**The problem**:
Please print only the top portion of the entries below, ending with the line that contains "This board implements", exactly as written.

*** Opening Records supplied ***

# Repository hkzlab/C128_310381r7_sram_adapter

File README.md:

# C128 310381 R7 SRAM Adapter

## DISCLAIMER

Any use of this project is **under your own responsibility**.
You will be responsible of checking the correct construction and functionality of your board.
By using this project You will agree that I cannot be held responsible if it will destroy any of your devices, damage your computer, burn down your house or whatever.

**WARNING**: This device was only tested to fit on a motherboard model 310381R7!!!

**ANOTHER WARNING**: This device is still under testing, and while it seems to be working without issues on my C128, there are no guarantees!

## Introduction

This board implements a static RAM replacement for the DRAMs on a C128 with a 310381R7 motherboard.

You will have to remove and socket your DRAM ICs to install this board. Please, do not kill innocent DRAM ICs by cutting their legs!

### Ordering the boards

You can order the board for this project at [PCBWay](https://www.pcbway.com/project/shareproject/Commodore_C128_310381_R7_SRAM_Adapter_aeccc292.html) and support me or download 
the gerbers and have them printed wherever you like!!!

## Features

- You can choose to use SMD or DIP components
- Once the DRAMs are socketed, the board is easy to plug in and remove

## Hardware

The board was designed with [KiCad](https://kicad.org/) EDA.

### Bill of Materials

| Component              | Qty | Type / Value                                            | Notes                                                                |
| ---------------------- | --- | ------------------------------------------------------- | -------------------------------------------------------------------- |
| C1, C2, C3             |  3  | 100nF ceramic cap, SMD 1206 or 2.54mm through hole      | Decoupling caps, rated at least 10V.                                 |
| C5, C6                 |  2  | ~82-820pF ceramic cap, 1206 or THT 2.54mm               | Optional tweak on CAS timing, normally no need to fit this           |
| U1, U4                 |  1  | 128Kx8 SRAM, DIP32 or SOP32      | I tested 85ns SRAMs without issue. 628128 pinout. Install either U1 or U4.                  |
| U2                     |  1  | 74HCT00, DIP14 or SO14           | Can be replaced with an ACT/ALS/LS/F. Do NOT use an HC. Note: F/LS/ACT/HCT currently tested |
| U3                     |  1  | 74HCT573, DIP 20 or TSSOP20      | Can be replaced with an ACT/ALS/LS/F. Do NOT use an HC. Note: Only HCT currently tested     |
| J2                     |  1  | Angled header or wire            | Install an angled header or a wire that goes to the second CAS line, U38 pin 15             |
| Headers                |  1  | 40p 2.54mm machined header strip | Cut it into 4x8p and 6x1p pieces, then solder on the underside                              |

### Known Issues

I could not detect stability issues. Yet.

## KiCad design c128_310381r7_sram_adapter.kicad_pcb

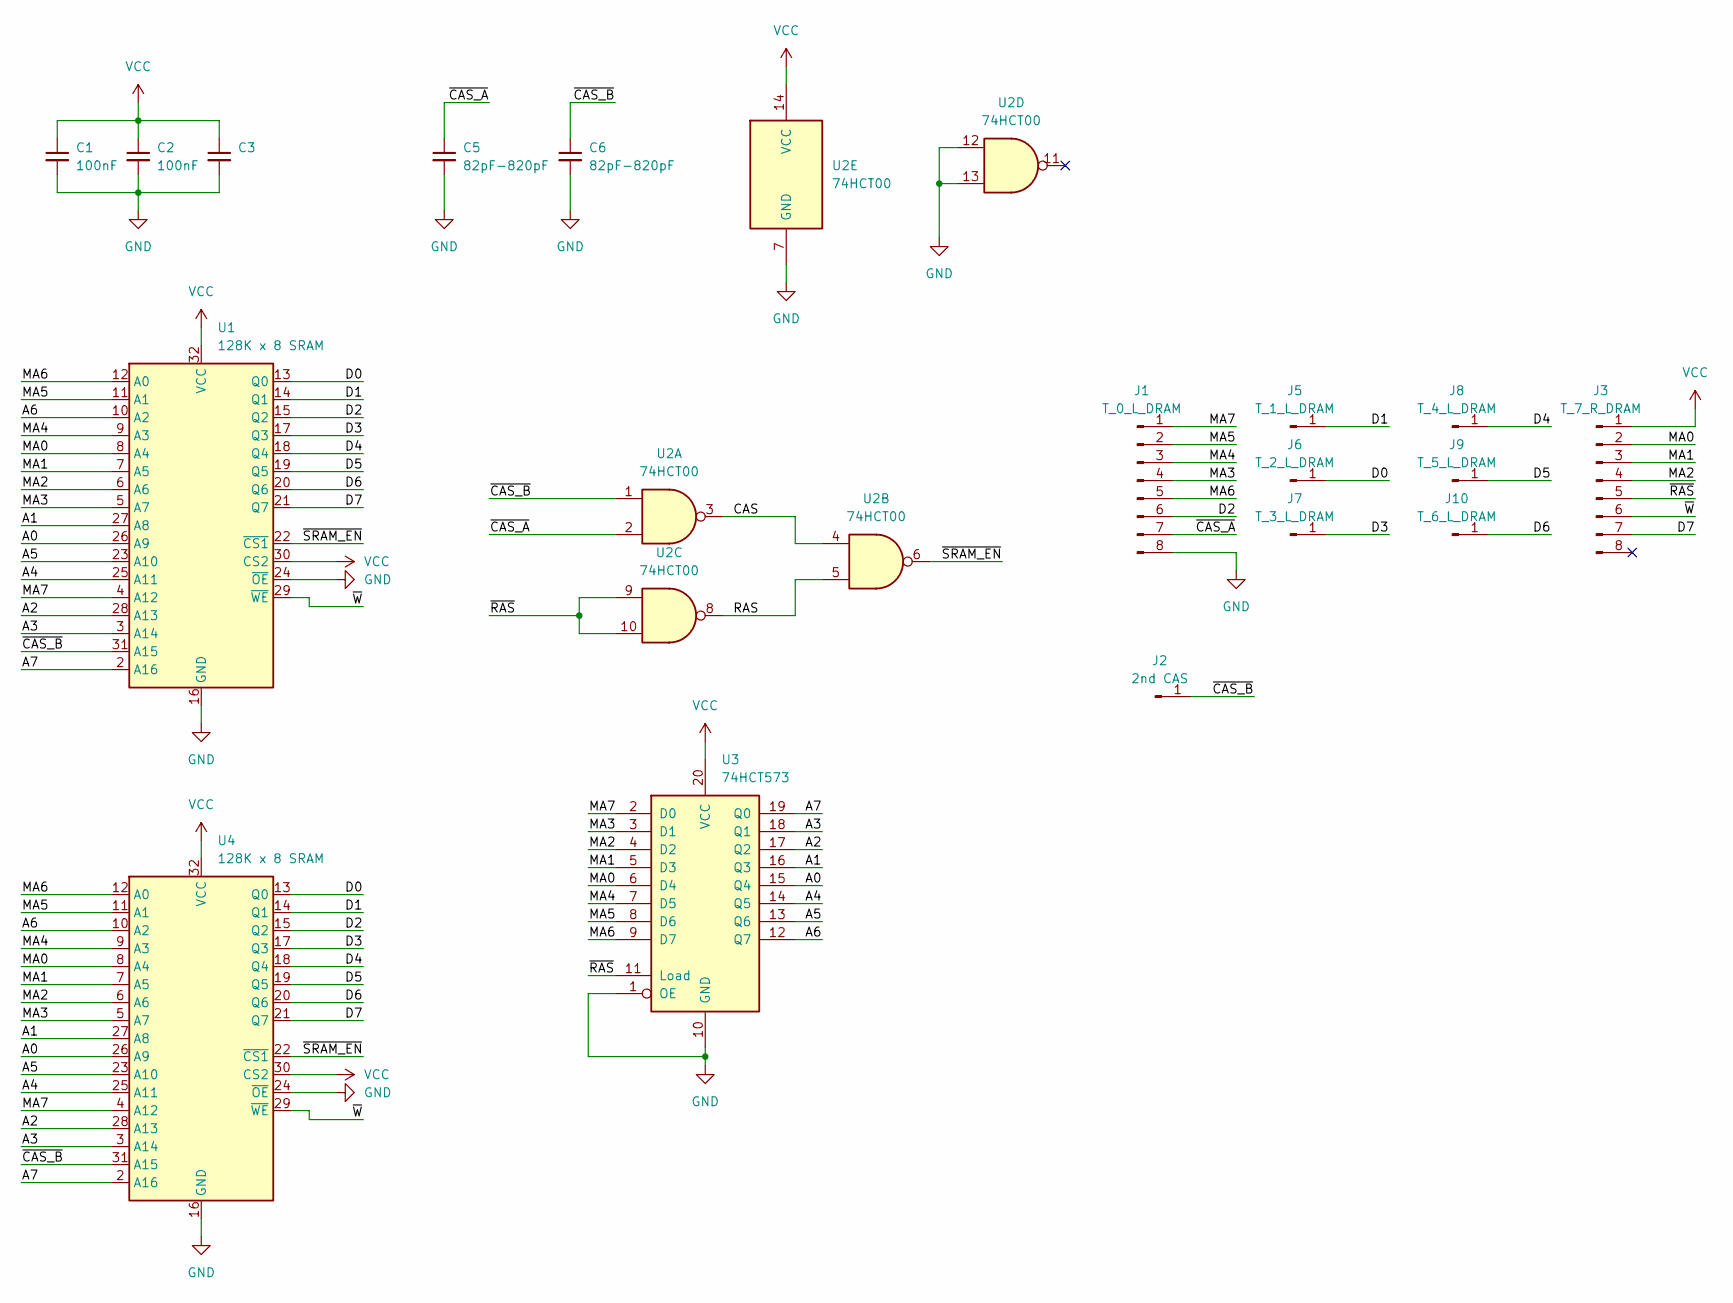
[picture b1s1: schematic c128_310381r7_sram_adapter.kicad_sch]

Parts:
C1, C2, C3: 100nF; C_Disc_1206_P5.00mm
C5, C6: 82pF-820pF; C_Disc_1206_P2.50mm
J1: T_0_L_DRAM; PinHeader_1x08_P2.54mm_Vertical
J2: 2nd CAS; PinHeader_1x01_P2.54mm_Horizontal
J3: T_7_R_DRAM; PinHeader_1x08_P2.54mm_Vertical
J5: T_1_L_DRAM; PinHeader_1x01_P2.54mm_Vertical
J6: T_2_L_DRAM; PinHeader_1x01_P2.54mm_Vertical
J7: T_3_L_DRAM; PinHeader_1x01_P2.54mm_Vertical
J8: T_4_L_DRAM; PinHeader_1x01_P2.54mm_Vertical
J9: T_5_L_DRAM; PinHeader_1x01_P2.54mm_Vertical
J10: T_6_L_DRAM; PinHeader_1x01_P2.54mm_Vertical
U1: 128K x 8 SRAM; DIP-32_W15.24mm
U2: 74HCT00; DIP-SO-14
U3: 74HCT573; DIP-TSSOP-20
U4: 128K x 8 SRAM; SOP-32_11.305x20.495mm_P1.27mm

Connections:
/A0: U1.26 (A9), U3.15 (Q4), U4.26 (A9)
/A1: U1.27 (A8), U3.16 (Q3), U4.27 (A8)
/A2: U1.28 (A13), U3.17 (Q2), U4.28 (A13)
/A3: U1.3 (A14), U3.18 (Q1), U4.3 (A14)
/A4: U1.25 (A11), U3.14 (Q5), U4.25 (A11)
/A5: U1.23 (A10), U3.13 (Q6), U4.23 (A10)
/A6: U1.10 (A2), U3.12 (Q7), U4.10 (A2)
/A7: U1.2 (A16), U3.19 (Q0), U4.2 (A16)
/CAS: U2.3, U2.4
/D0: J6.1, U1.13 (Q0), U4.13 (Q0)
/D1: J5.1, U1.14 (Q1), U4.14 (Q1)
/D2: J1.6, U1.15 (Q2), U4.15 (Q2)
/D3: J7.1, U1.17 (Q3), U4.17 (Q3)
/D4: J8.1, U1.18 (Q4), U4.18 (Q4)
/D5: J9.1, U1.19 (Q5), U4.19 (Q5)
/D6: J10.1, U1.20 (Q6), U4.20 (Q6)
/D7: J3.7, U1.21 (Q7), U4.21 (Q7)
/MA0: J3.2, U1.8 (A4), U3.6 (D4), U4.8 (A4)
/MA1: J3.3, U1.7 (A5), U3.5 (D3), U4.7 (A5)
/MA2: J3.4, U1.6 (A6), U3.4 (D2), U4.6 (A6)
/MA3: J1.4, U1.5 (A7), U3.3 (D1), U4.5 (A7)
/MA4: J1.3, U1.9 (A3), U3.7 (D5), U4.9 (A3)
/MA5: J1.2, U1.11 (A1), U3.8 (D6), U4.11 (A1)
/MA6: J1.5, U1.12 (A0), U3.9 (D7), U4.12 (A0)
/MA7: J1.1, U1.4 (A12), U3.2 (D0), U4.4 (A12)
/RAS: U2.5, U2.8
/~CAS_A: C5.1, J1.7, U2.2
/~CAS_B: C6.1, J2.1, U1.31 (A15), U2.1, U4.31 (A15)
/~RAS: J3.5, U2.9, U2.10, U3.11 (Load)
/~SRAM_EN: U1.22 (~CS1), U2.6, U4.22 (~CS1)
/~W: J3.6, U1.29 (~WE), U4.29 (~WE)
GND: C1.2, C2.2, C3.2, C5.2, C6.2, J1.8, U1.16 (GND), U1.24 (~OE), U2.7 (GND), U2.12, U2.13, U3.1 (OE), U3.10 (GND), U4.16 (GND), U4.24 (~OE)
VCC: C1.1, C2.1, C3.1, J3.1, U1.30 (CS2), U1.32 (VCC), U2.14 (VCC), U3.20 (VCC), U4.30 (CS2), U4.32 (VCC)

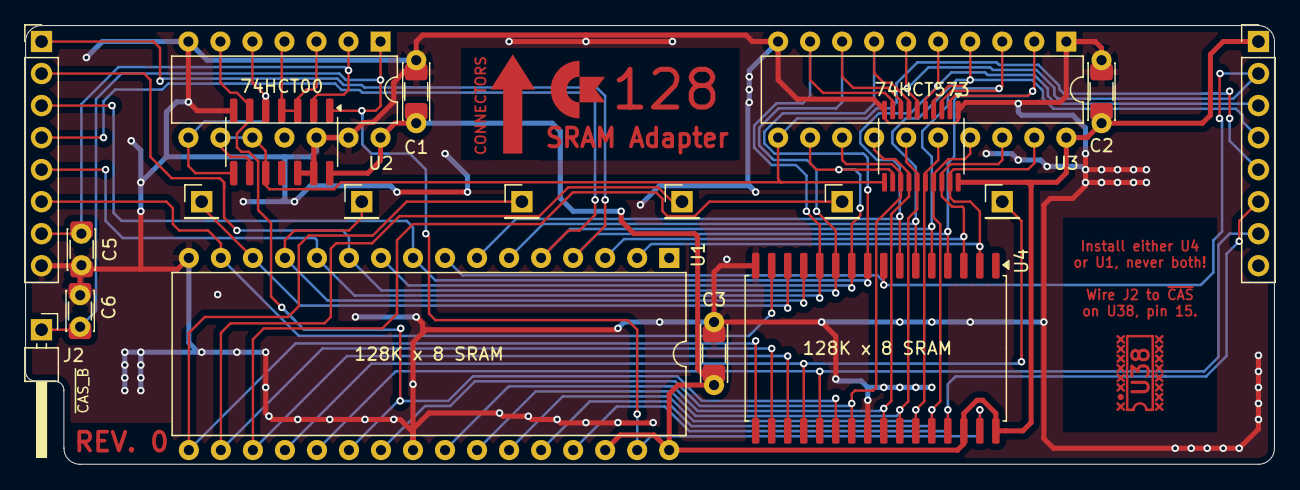
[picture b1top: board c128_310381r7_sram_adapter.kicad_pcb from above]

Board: 2 copper layers, 99.1 x 34.8 mm, 18 parts (0 on the bottom side), 33 nets.

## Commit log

2025-02-08 Initial schematic for the SRAM adapter
2025-02-08 Schematic for the connections of the SRAM adapter
2025-02-09 Wire A15 to /CAS_A signal
2025-02-09 Add custom footprints for components in this adapter
2025-02-09 Begin drawing traces
2025-02-09 Complete routing of first revision of the adapter
2025-02-10 Update silkscreen and drawings on the PCB
2025-03-02 Add rev_0 gerbers
2025-03-23 Update the README
2025-03-23 Add additional warnings
2025-03-23 Update README to include link to PCBway project page
2025-03-26 Update the README with types of tested ICs
2025-03-26 Update project files with new kicad version

*** Closing Records supplied ***

**Response area**:
# Repository hkzlab/C128_310381r7_sram_adapter

File README.md:

# C128 310381 R7 SRAM Adapter

## DISCLAIMER

Any use of this project is **under your own responsibility**.
You will be responsible of checking the correct construction and functionality of your board.
By using this project You will agree that I cannot be held responsible if it will destroy any of your devices, damage your computer, burn down your house or whatever.

**WARNING**: This device was only tested to fit on a motherboard model 310381R7!!!

**ANOTHER WARNING**: This device is still under testing, and while it seems to be working without issues on my C128, there are no guarantees!

## Introduction

This board implements a static RAM replacement for the DRAMs on a C128 with a 310381R7 motherboard.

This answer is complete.